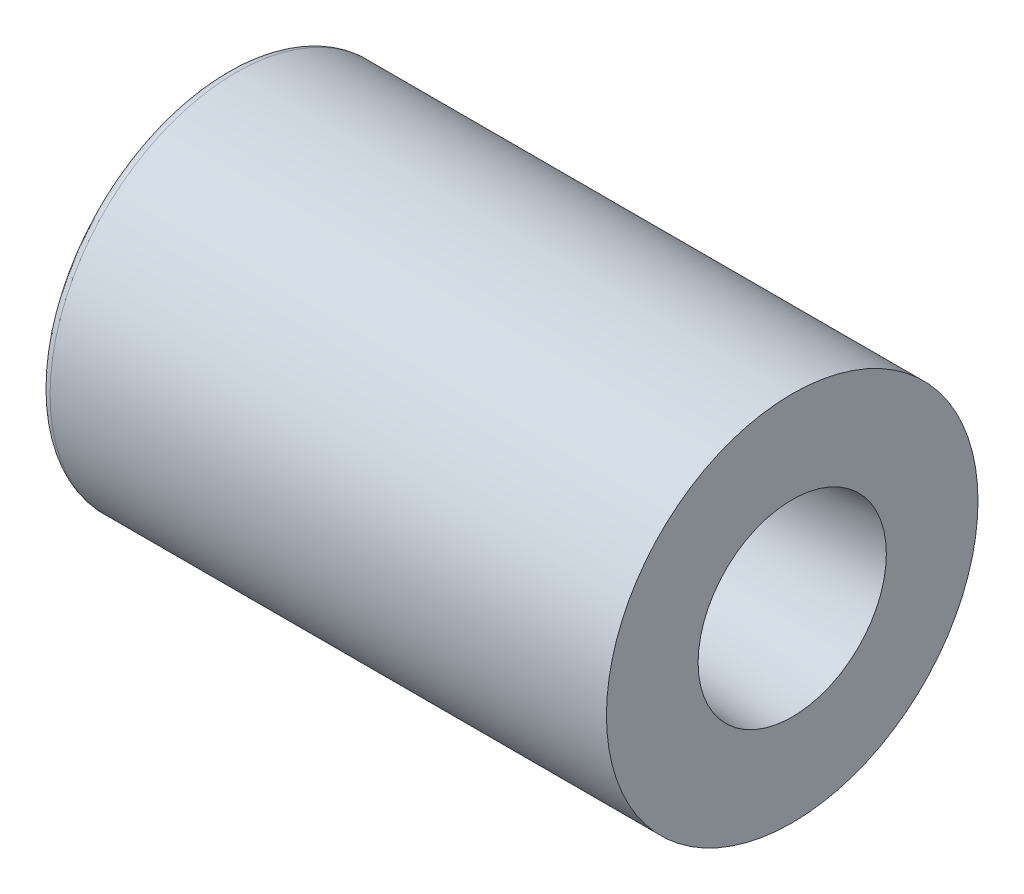
SolidWorks part; units mm, degrees
ref_plane "Front Plane" through (0, 0, 0) normal (0, 0, 1) x (1, 0, 0)
ref_plane "Top Plane" through (0, 0, 0) normal (0, 1, 0) x (1, 0, 0)
ref_plane "Right Plane" through (0, 0, 0) normal (1, 0, 0) x (0, 0, -1)
sketch "Sketch1" plane through (0, 0, 0) normal (0, 1, 0) x (1, 0, 0)
  line L0 (0, 0) -> (0, 2.286) construction
  line L1 (0, 2.286) -> (0, 5.3848)
  line L2 (0, 9.525) -> (29.0323, 9.525)
  line L3 (29.0323, 9.525) -> (29.0323, 4.826)
  line L4 (29.0323, 4.826) -> (0, 2.286)
  line L5 (0, 0) -> (29.0323, 0) construction
  line L6 (29.0323, 0) -> (29.0323, 4.826) construction
  line L7 (0, 5.3848) -> (1.905, 5.3848)
  line L8 (1.905, 5.3848) -> (1.905, 8.001)
  line L9 (1.905, 8.001) -> (0, 8.001)
  line L10 (0, 8.001) -> (0, 9.525)
  dimension "D1" = 2.286
  dimension "D2" = 4.826
  dimension "D3" = 5
  dimension "D4" = 9.525
  dimension "D5" = 5.3848
  dimension "D6" = 8.001
  dimension "D7" = 1.905
revolve "Revolve1" add sketch "Sketch1" angle 360 about L5
fillet "Fillet1" radius 0.508 1 edges at (0, 0, 9.525)
equation "\"z\" = 8\t\t\t\t'number of blades"
equation "\"de\" = 0.43in\t\t\t'entrance eye diameter"
equation "\"de_length\" = 10mm\t\t'entrance eye consistent length"
equation "\"d_exit\" = 0.18in \t\t'throat aka d1"
equation "\"d2\" = 2.1in \t\t\t'outer diameter of the impeller"
equation "\"b2\" = .2in\t\t\t'tip height from disc surface at d2; slightly higher than d_exit"
equation "\"b1\" = \"b2\" + (\"d2\"/2 - \"de\"/2)*tan(\"theta\") \t\t\t'tip height from disc surface at inlet eye"
equation "\"theta\" = 12\t\t\t'angle of blades from inner to outer "
equation "\"ae\" = 3.14*(\"de\"^2)/4\t\t'entrance eye area'"
equation "\"ce\" = 3.14*\"de\"\t\t'entrance eye circumference"
equation "\"av_ratio\" = .325\t\t'ratio of av/ae at N_s of 470, range is .275 to .375, .325 ideal. High ratio means bigger area means smaller blades"
equation "\"av\" = \"ae\"*\"av_ratio\"\t\t'area between just two blades"
equation "\"s_open\" = \"av\"/\"b1\"\t\t'width of open area"
equation "\"s\"=\"ce\" - \"z\"*\"s_open\""
equation "\"min blade thickness\" = .15in"
equation "\"bearing OD\" = 30mm"
equation "\"bearing ID\"= 10mm"
equation "\"bearing depth\"= 9mm"
equation "\"bearing outer race thickness\"= 1mm"
equation "\"bearing inner race thickness\"= 1mm"
equation "\"bearing bore\" = \"bearing depth\" + 1mm"
equation "\"lower seal OD\" = .917in\t\t'this is https://www.mcmaster.com/#9281k121/=174001b"
equation "\"lower seal ID\"= .375in"
equation "\"lower seal depth\" = .625in + .218in"
equation "\"lower seal bore\" = \"lower seal depth\" + 1mm"
equation "\"upper seal OD\" = 1.125in\t'this is https://www.mcmaster.com/#5154t33/=173zuau, needs to be visually inspected before machining!"
equation "\"upper seal ID\"= 0.625in"
equation "\"upper seal depth\"= .25in\t'aka height; these values need to be confirmed by inspection!! We may want to compress the height."
equation "\"upper seal bore\" = \"upper seal depth\" + 1mm"
equation "\"big o-ring thickness\" = .139in"
equation "\"big o-ring OD\" = 2.734in"
equation "\"big o-ring ID\" = 3.012in"
equation "\"big o-ring groove depth\" = \"big o-ring thickness\"*4/5"
equation "\"impeller center height\" = \"impeller base thickness\" + \"b1\"\t'impeller height at de"
equation "\"impeller outer height\" = \"impeller base thickness\" + \"b2\"\t'impeller height at de"
equation "\"impeller upper clearance\"= .5mm"
equation "\"impeller horizontal clearance\"= (\"d2\"*1.15 - \"d2\")/2 \t\t'clearance based on D2-D3 ratio for circular volute, ranges 1.15 to 1.2"
equation "\"impeller bottom clearance\"= .5mm"
equation "\"impeller base thickness\"= 2mm"
equation "\"impeller dowel diameter\" = 2mm"
equation "\"impeller bolt head diameter\" = \"m4 head bore diameter\""
equation "\"impeller bolt head depth\" = 4mm"
equation "\"impeller bolt stop depth\" = 3mm"
equation "\"impeller bolt bore\" = \"m4 clearance\""
equation "\"impeller shaft bore depth\" = 12mm"
equation "\"impeller shaft bore\" = 8mm"
equation "\"impeller boss depth\" = \"impeller shaft bore depth\"+\"impeller bolt stop depth\"+\"impeller bolt head depth\"-\"impeller base thickness\""
equation "\"impeller boss diameter\" = \"upper seal ID\""
equation "\"impeller dowel length\" = 2mm*2 + \"impeller shaft bore\""
equation "\"coupler motor shaft hole ID\"= 8mm"
equation "\"coupler OD\"= 17mm"
equation "\"coupler length\"= 25mm"
equation "\"motor OD\" = 64mm"
equation "\"motor shaft diameter\"= 8mm"
equation "\"motor shaft pride\"= 32mm"
equation "\"motor to bearing plate distance\" = \"motor shaft pride\" + 2mm +\"coupler length\"/2"
equation "\"square plate bolt bore\" = \"m8 clearance\""
equation "\"square plate bolt head diameter\" = 13.5mm"
equation "\"square plate bolt head depth\" = 8mm"
equation "\"square plate bolt pattern diameter\"= 3.5in"
equation "\"motor mount center bore\"= \"coupler OD\"+ 4mm"
equation "\"motor mount post radius\"= ( 3 * \"square plate bolt bore\" ) / 2"
equation "\"motor mount m4 screw hole diameter\"= 4mm"
equation "\"motor mount m4 head diameter\"= 7.25mm"
equation "\"motor mount m4 head depth\"= 4mm"
equation "\"motor mount m4 pattern diamater\" = 30mm"
equation "\"motor mount plate thickness\"= 8mm + \"motor mount m4 head depth\""
equation "\"bearing plate stop ID\" = \"bearing OD\" - 4mm"
equation "\"bearing plate stop depth\" = 3mm"
equation "\"bearing plate thickness\" = \"bearing bore\" + \"bearing plate stop depth\" + \"shaft bearing stop length\""
equation "\"lower seal plate lip depth\" = 2mm"
equation "\"lower seal plate lip ID\" = \"lower seal OD\" - 3mm"
equation "\"lower seal plate thickness\" = \"lower seal plate lip depth\" + \"lower seal bore\""
equation "\"shaft coupler section diameter\" = 8mm"
equation "\"shaft coupler section length\" = \"motor to bearing plate distance\" - \"motor shaft pride\" - 2mm"
equation "\"shaft bearing section diameter\" = \"bearing ID\""
equation "\"shaft bearing section length\" = \"bearing plate stop depth\" + \"bearing depth\""
equation "\"shaft bearing stop diameter\" = \"bearing ID\" + 4mm"
equation "\"shaft bearing stop length\" = 3mm"
equation "\"shaft lower seal section diameter\" = \"lower seal ID\""
equation "\"shaft lower seal section length\" = \"lower seal plate thickness\" + 1mm"
equation "\"shaft impeller section diameter\" = \"impeller shaft bore\""
equation "\"shaft impeller section length\" = \"upper seal plate thickness\" + \"upper seal plate riser\" + \"impeller bottom clearance\" + \"impeller base thickness\" - \"impeller bolt head depth\" - \"impeller bolt stop depth\""
equation "\"upper seal plate thickness\" = \"upper seal plate pressure hole diameter\"+10mm"
equation "\"upper seal plate lip ID\" = \"upper seal OD\" - 3mm"
equation "\"upper seal plate riser\" = 6.59mm \t\t'this number needs to be read from the housing file"
equation "\"upper seal plate pressure hole diameter\" = .125in\t'this is 1/8 drill "
equation "\"upper seal plate pressure tap diameter\" = .328125in \t'this is 21/64 drill for a 1/8 ANPT tap"
equation "\"upper seal plate pressure tap grip\" = 5mm\t\t'this is the area around the tap so it doesn't crack"
equation "\"upper seal plate pressure tap depth\" = 12"
equation "\"impeller cavity center height\"= \"impeller bottom clearance\" + \"impeller upper clearance\" + \"impeller center height\""
equation "\"impeller cavity diameter\"= 2 * \"impeller horizontal clearance\" + \"d2\" \t\t\t\t\t\t\t\t\t'called D3 analytically"
equation "\"impeller cavity outer height\"= \"impeller bottom clearance\" + \"impeller upper clearance\" + \"impeller base thickness\" + \"b2\" \t\t'this is height at impeller diameter d2, not at d3"
equation "\"impeller housing thickness\"= \"impeller housing exit threaded diameter\" + 2*\"impeller housing outlet grip\""
equation "\"impeller housing diameter\" = \"square plate bolt pattern diameter\" + 2*\"motor mount post radius\""
equation "\"impeller housing bolt count\" = 8"
equation "\"impeller housing bolt diameter\" = \"m6 clearance\""
equation "\"impeller housing bolt pattern diameter\" = 3.5in"
equation "\"impeller housing threaded inlet diameter\" = 0.515625in \t'this is the 33/64 drill size for 9/16-18 fitting, expecting swagelok SS-8FK0-1-6STH fitting"
equation "\"impeller housing threaded inlet depth\"= 10mm"
equation "\"impeller housing exit threaded diameter\"= 0.515625in \t\t'this is the 33/64 drill size for 9/16-18 fitting, expecting swagelok SS-8FK0-1-6STH fitting"
equation "\"impeller housing exit threaded depth\"= 10mm"
equation "\"impeller housing diffuser conical angle\"=10"
equation "\"impeller housing diffuser tangent angle\"=5"
equation "\"impeller housing diffuser final diameter\" = .38in\t\t'aka d2'"
equation "\"impeller housing outlet grip\" = 5mm"
equation "\"end mill size\" = 0.375in\t'for 3/8 endmill"
equation "\"m4 clearance\" = 0.171875in \t'this is 11/64 bit for 4.36mm"
equation "\"m4 tap\" = 0.125in\t\t'this is 1/8 bit for 3.17mm"
equation "\"m4 head bore diameter\" = 7.5mm"
equation "\"m4 head bore depth\" = 5mm\t'actual is ~4mm"
equation "\"m6 clearance\" = 0.234375in\t'this is 15/64 bit = 5.95mm, could use 6mm bit, B bit for 6.04mm or 1/4 bit for 6.35mm"
equation "\"m6 tap\" = 5mm\t\t\t'5mm is appropriate, could use 13/64 or #5,6,7"
equation "\"m6 head bore diameter\" = 11mm\t\t"
equation "\"m6 head bore depth\" = 7mm\t'actual is 6mm"
equation "\"m8 clearance\" = 0.3125in\t'this is 5/16in for 7.93mm, could use 8mm, O,P, or 21/64"
equation "\"m8 tap\" = 0.265625in\t\t'this is 17/64 for 6.746875mm"
equation "\"m8 head bore diameter\" = 14mm"
equation "\"m8 head bore depth\" = 9mm\t'actual is 8mm"
equation "\"D1@Sketch1\"=\"d_exit\"/2"
equation "\"D2@Sketch1\"=\"impeller housing diffuser final diameter\"/2"
equation "\"diffuser cartridge OD\" =.75in"
equation "\"D4@Sketch1\"=\"diffuser cartridge OD\"/2"

* **Exercise aim**: Only the lines from the one containing "0.515625in \t\t'this is" through the end of the records above belong in the answer, each exactly as written.

* **Solved problem**:
equation "\"impeller housing exit threaded diameter\"= 0.515625in \t\t'this is the 33/64 drill size for 9/16-18 fitting, expecting swagelok SS-8FK0-1-6STH fitting"
equation "\"impeller housing exit threaded depth\"= 10mm"
equation "\"impeller housing diffuser conical angle\"=10"
equation "\"impeller housing diffuser tangent angle\"=5"
equation "\"impeller housing diffuser final diameter\" = .38in\t\t'aka d2'"
equation "\"impeller housing outlet grip\" = 5mm"
equation "\"end mill size\" = 0.375in\t'for 3/8 endmill"
equation "\"m4 clearance\" = 0.171875in \t'this is 11/64 bit for 4.36mm"
equation "\"m4 tap\" = 0.125in\t\t'this is 1/8 bit for 3.17mm"
equation "\"m4 head bore diameter\" = 7.5mm"
equation "\"m4 head bore depth\" = 5mm\t'actual is ~4mm"
equation "\"m6 clearance\" = 0.234375in\t'this is 15/64 bit = 5.95mm, could use 6mm bit, B bit for 6.04mm or 1/4 bit for 6.35mm"
equation "\"m6 tap\" = 5mm\t\t\t'5mm is appropriate, could use 13/64 or #5,6,7"
equation "\"m6 head bore diameter\" = 11mm\t\t"
equation "\"m6 head bore depth\" = 7mm\t'actual is 6mm"
equation "\"m8 clearance\" = 0.3125in\t'this is 5/16in for 7.93mm, could use 8mm, O,P, or 21/64"
equation "\"m8 tap\" = 0.265625in\t\t'this is 17/64 for 6.746875mm"
equation "\"m8 head bore diameter\" = 14mm"
equation "\"m8 head bore depth\" = 9mm\t'actual is 8mm"
equation "\"D1@Sketch1\"=\"d_exit\"/2"
equation "\"D2@Sketch1\"=\"impeller housing diffuser final diameter\"/2"
equation "\"diffuser cartridge OD\" =.75in"
equation "\"D4@Sketch1\"=\"diffuser cartridge OD\"/2"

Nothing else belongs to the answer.